[[ DATA SHOWN open ]]

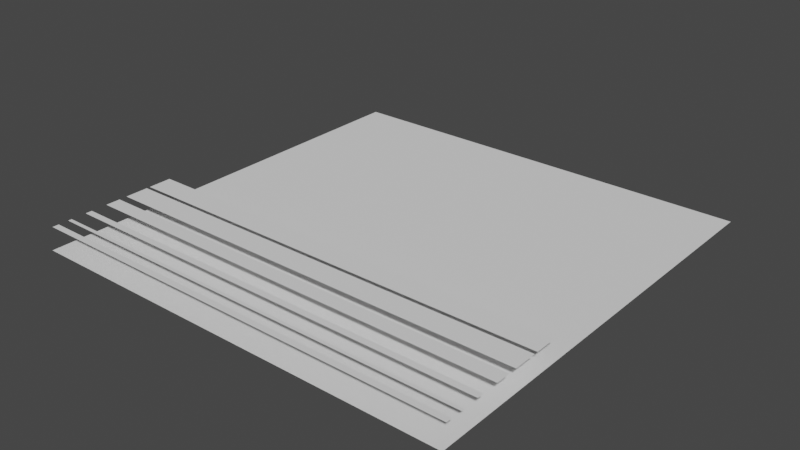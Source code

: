 # Source: PanelingColorable.blend  (saved by Blender 4.1.23; exported with 4.5.12 LTS)
import bpy
from mathutils import Matrix  # noqa: F401  (used for matrix-valued properties, if any)

bpy.ops.wm.read_factory_settings(use_empty=True)
scene = bpy.context.scene
scene.name = 'Scene'

# ---- materials (node trees are filled in below, after node groups)
mat_panelingcolorable = bpy.data.materials.new('PanelingColorable')

# ---- material node trees

# ---- world
world_world = bpy.data.worlds.new('World'); scene.world = world_world
world_world.use_nodes = True; world_world.node_tree.nodes.clear()
_N = world_world.node_tree.nodes; _L = world_world.node_tree.links
n0 = _N.new('ShaderNodeOutputWorld'); n0.name = 'World Output'; n0.location = (300, 300)
n1 = _N.new('ShaderNodeBackground'); n1.name = 'Background'; n1.location = (10, 300)
n1.inputs[0].default_value = (0.05088, 0.05088, 0.05088, 1.0)
_L.new(n1.outputs[0], n0.inputs[0])
n0.is_active_output = True
world_world.color = (0.05088, 0.05088, 0.05088)
world_world.use_sun_shadow = False
world_world.sun_shadow_jitter_overblur = 0.0

# ---- meshes
me_plane = bpy.data.meshes.new('Plane')
me_plane.from_pydata([(-1.25, -1.25, 0.0), (1.25, -1.25, 0.0), (-1.25, 1.25, 0.0), (1.25, 1.25, 0.0)], [], [(0, 1, 3, 2)])
_uv = me_plane.uv_layers.new(name='UVMap')
_uv.uv.foreach_set('vector', [0.0, 0.0, 1.0, 0.0, 1.0, 1.0, 0.0, 1.0])
me_plane.materials.append(mat_panelingcolorable)
me_plane.update()
me_plane_003 = bpy.data.meshes.new('Plane.003')
me_plane_003.from_pydata([(-1.25, -1.193, 0.0), (1.25, -1.193, 0.0), (-1.25, -1.229, 0.0), (1.25, -1.229, 0.0)], [], [(2, 3, 1, 0)])
_uv = me_plane_003.uv_layers.new(name='UVMap')
_uv.uv.foreach_set('vector', [0.0, 0.008279, 1.0, 0.008279, 1.0, 0.02294, 0.0, 0.02294])
me_plane_003.materials.append(mat_panelingcolorable)
me_plane_003.update()
me_plane_006 = bpy.data.meshes.new('Plane.006')
me_plane_006.from_pydata([(-1.25, -0.6338, 0.0), (1.25, -0.6338, 0.0), (-1.25, -0.7687, 0.0), (1.25, -0.7687, 0.0)], [], [(2, 3, 1, 0)])
_uv = me_plane_006.uv_layers.new(name='UVMap')
_uv.uv.foreach_set('vector', [0.0, 0.1925, 1.0, 0.1925, 1.0, 0.2465, 0.0, 0.2465])
me_plane_006.materials.append(mat_panelingcolorable)
me_plane_006.update()
me_plane_005 = bpy.data.meshes.new('Plane.005')
me_plane_005.from_pydata([(-1.25, -0.4776, 0.0), (1.25, -0.4776, 0.0), (-1.25, -0.6125, 0.0), (1.25, -0.6125, 0.0)], [], [(2, 3, 1, 0)])
_uv = me_plane_005.uv_layers.new(name='UVMap')
_uv.uv.foreach_set('vector', [0.0, 0.255, 1.0, 0.255, 1.0, 0.309, 0.0, 0.309])
me_plane_005.materials.append(mat_panelingcolorable)
me_plane_005.update()
me_plane_009 = bpy.data.meshes.new('Plane.009')
me_plane_009.from_pydata([(-1.25, -1.115, 0.0), (1.25, -1.115, 0.0), (-1.25, -1.136, 0.0), (1.25, -1.136, 0.0)], [], [(2, 3, 1, 0)])
_uv = me_plane_009.uv_layers.new(name='UVMap')
_uv.uv.foreach_set('vector', [0.0, 0.04576, 1.0, 0.04576, 1.0, 0.05402, 0.0, 0.05402])
me_plane_009.materials.append(mat_panelingcolorable)
me_plane_009.update()
me_plane_008 = bpy.data.meshes.new('Plane.008')
me_plane_008.from_pydata([(-1.25, -0.9914, 0.0), (1.25, -0.9914, 0.0), (-1.25, -1.029, 0.0), (1.25, -1.029, 0.0)], [], [(2, 3, 1, 0)])
_uv = me_plane_008.uv_layers.new(name='UVMap')
_uv.uv.foreach_set('vector', [0.0, 0.08824, 1.0, 0.08824, 1.0, 0.1035, 0.0, 0.1035])
me_plane_008.materials.append(mat_panelingcolorable)
me_plane_008.update()
me_plane_007 = bpy.data.meshes.new('Plane.007')
me_plane_007.from_pydata([(-1.25, -0.815, 0.0), (1.25, -0.815, 0.0), (-1.25, -0.8988, 0.0), (1.25, -0.8988, 0.0)], [], [(2, 3, 1, 0)])
_uv = me_plane_007.uv_layers.new(name='UVMap')
_uv.uv.foreach_set('vector', [0.0, 0.1405, 1.0, 0.1405, 1.0, 0.174, 0.0, 0.174])
me_plane_007.materials.append(mat_panelingcolorable)
me_plane_007.update()

# ---- objects
ob_panelingcolorable = bpy.data.objects.new('_PanelingColorable', me_plane)
ob_panel_line_creased = bpy.data.objects.new('Panel Line Creased', me_plane_003)
ob_panel_line_heavy_bumps = bpy.data.objects.new('Panel Line Heavy Bumps', me_plane_006)
ob_panel_line_heavy_dimples = bpy.data.objects.new('Panel Line Heavy Dimples', me_plane_005)
ob_panel_line_rubber = bpy.data.objects.new('Panel Line Rubber', me_plane_009)
ob_panel_line_scratched = bpy.data.objects.new('Panel Line Scratched', me_plane_008)
ob_panel_line_welded = bpy.data.objects.new('Panel Line Welded', me_plane_007)

# ---- transforms, parenting, visibility, modifiers, constraints
ob_panelingcolorable.location = (0.0, 0.0, -0.125)
ob_panel_line_creased.location = (0.0, 0.0, 0.0)
ob_panel_line_heavy_bumps.location = (0.0, 0.0, 0.0)
ob_panel_line_heavy_dimples.location = (0.0, 0.0, 0.0)
ob_panel_line_rubber.location = (0.0, 0.0, 0.0)
ob_panel_line_scratched.location = (0.0, 0.0, 0.0)
ob_panel_line_welded.location = (0.0, 0.0, 0.0)

# ---- collection membership
scene.collection.objects.link(ob_panelingcolorable)
scene.collection.objects.link(ob_panel_line_creased)
scene.collection.objects.link(ob_panel_line_heavy_bumps)
scene.collection.objects.link(ob_panel_line_heavy_dimples)
scene.collection.objects.link(ob_panel_line_rubber)
scene.collection.objects.link(ob_panel_line_scratched)
scene.collection.objects.link(ob_panel_line_welded)

# ---- scene / render settings (as saved in the file)
scene.frame_start = 1; scene.frame_end = 250; scene.frame_set(0)
scene.render.engine = 'BLENDER_EEVEE_NEXT'
scene.render.fps = 60
scene.cycles.sampling_pattern = 'TABULATED_SOBOL'
scene.eevee.ray_tracing_options.trace_max_roughness = 0.0
scene.view_settings.view_transform = 'Filmic'
bpy.context.view_layer.update()

# ---- added for rendering (the .blend has no active camera and no usable light): camera, sun
cam_auto = bpy.data.cameras.new('AutoCamera')
cam_auto.lens = 50.0
cam_auto.sensor_width = 36.0
cam_auto.clip_end = 1000.0
ob_auto_camera = bpy.data.objects.new('AutoCamera', cam_auto)
scene.collection.objects.link(ob_auto_camera)
ob_auto_camera.location = (3.27321, -3.92785, 2.55607)
ob_auto_camera.rotation_euler = (1.09748, -7.21219e-08, 0.694738)
scene.camera = ob_auto_camera
light_auto_sun = bpy.data.lights.new('AutoSun', 'SUN')
light_auto_sun.energy = 3.0
light_auto_sun.angle = 0.0523599
ob_auto_sun = bpy.data.objects.new('AutoSun', light_auto_sun)
scene.collection.objects.link(ob_auto_sun)
ob_auto_sun.rotation_euler = (0.872665, 0.174533, 0.523599)
bpy.context.view_layer.update()

[[ DATA SHOWN closed ]]

*EXERCISE REQUIREMENTS*
With the first line being the one containing "scene.name = 'Scene'" and the last line the one containing "-1.229, 0.0)], [], [(2, 3, 1, 0)])", transcribe exactly the lines above that fall in that range.

*OUTPUT OF THE TASK*
scene.name = 'Scene'

# ---- materials (node trees are filled in below, after node groups)
mat_panelingcolorable = bpy.data.materials.new('PanelingColorable')

# ---- material node trees

# ---- world
world_world = bpy.data.worlds.new('World'); scene.world = world_world
world_world.use_nodes = True; world_world.node_tree.nodes.clear()
_N = world_world.node_tree.nodes; _L = world_world.node_tree.links
n0 = _N.new('ShaderNodeOutputWorld'); n0.name = 'World Output'; n0.location = (300, 300)
n1 = _N.new('ShaderNodeBackground'); n1.name = 'Background'; n1.location = (10, 300)
n1.inputs[0].default_value = (0.05088, 0.05088, 0.05088, 1.0)
_L.new(n1.outputs[0], n0.inputs[0])
n0.is_active_output = True
world_world.color = (0.05088, 0.05088, 0.05088)
world_world.use_sun_shadow = False
world_world.sun_shadow_jitter_overblur = 0.0

# ---- meshes
me_plane = bpy.data.meshes.new('Plane')
me_plane.from_pydata([(-1.25, -1.25, 0.0), (1.25, -1.25, 0.0), (-1.25, 1.25, 0.0), (1.25, 1.25, 0.0)], [], [(0, 1, 3, 2)])
_uv = me_plane.uv_layers.new(name='UVMap')
_uv.uv.foreach_set('vector', [0.0, 0.0, 1.0, 0.0, 1.0, 1.0, 0.0, 1.0])
me_plane.materials.append(mat_panelingcolorable)
me_plane.update()
me_plane_003 = bpy.data.meshes.new('Plane.003')
me_plane_003.from_pydata([(-1.25, -1.193, 0.0), (1.25, -1.193, 0.0), (-1.25, -1.229, 0.0), (1.25, -1.229, 0.0)], [], [(2, 3, 1, 0)])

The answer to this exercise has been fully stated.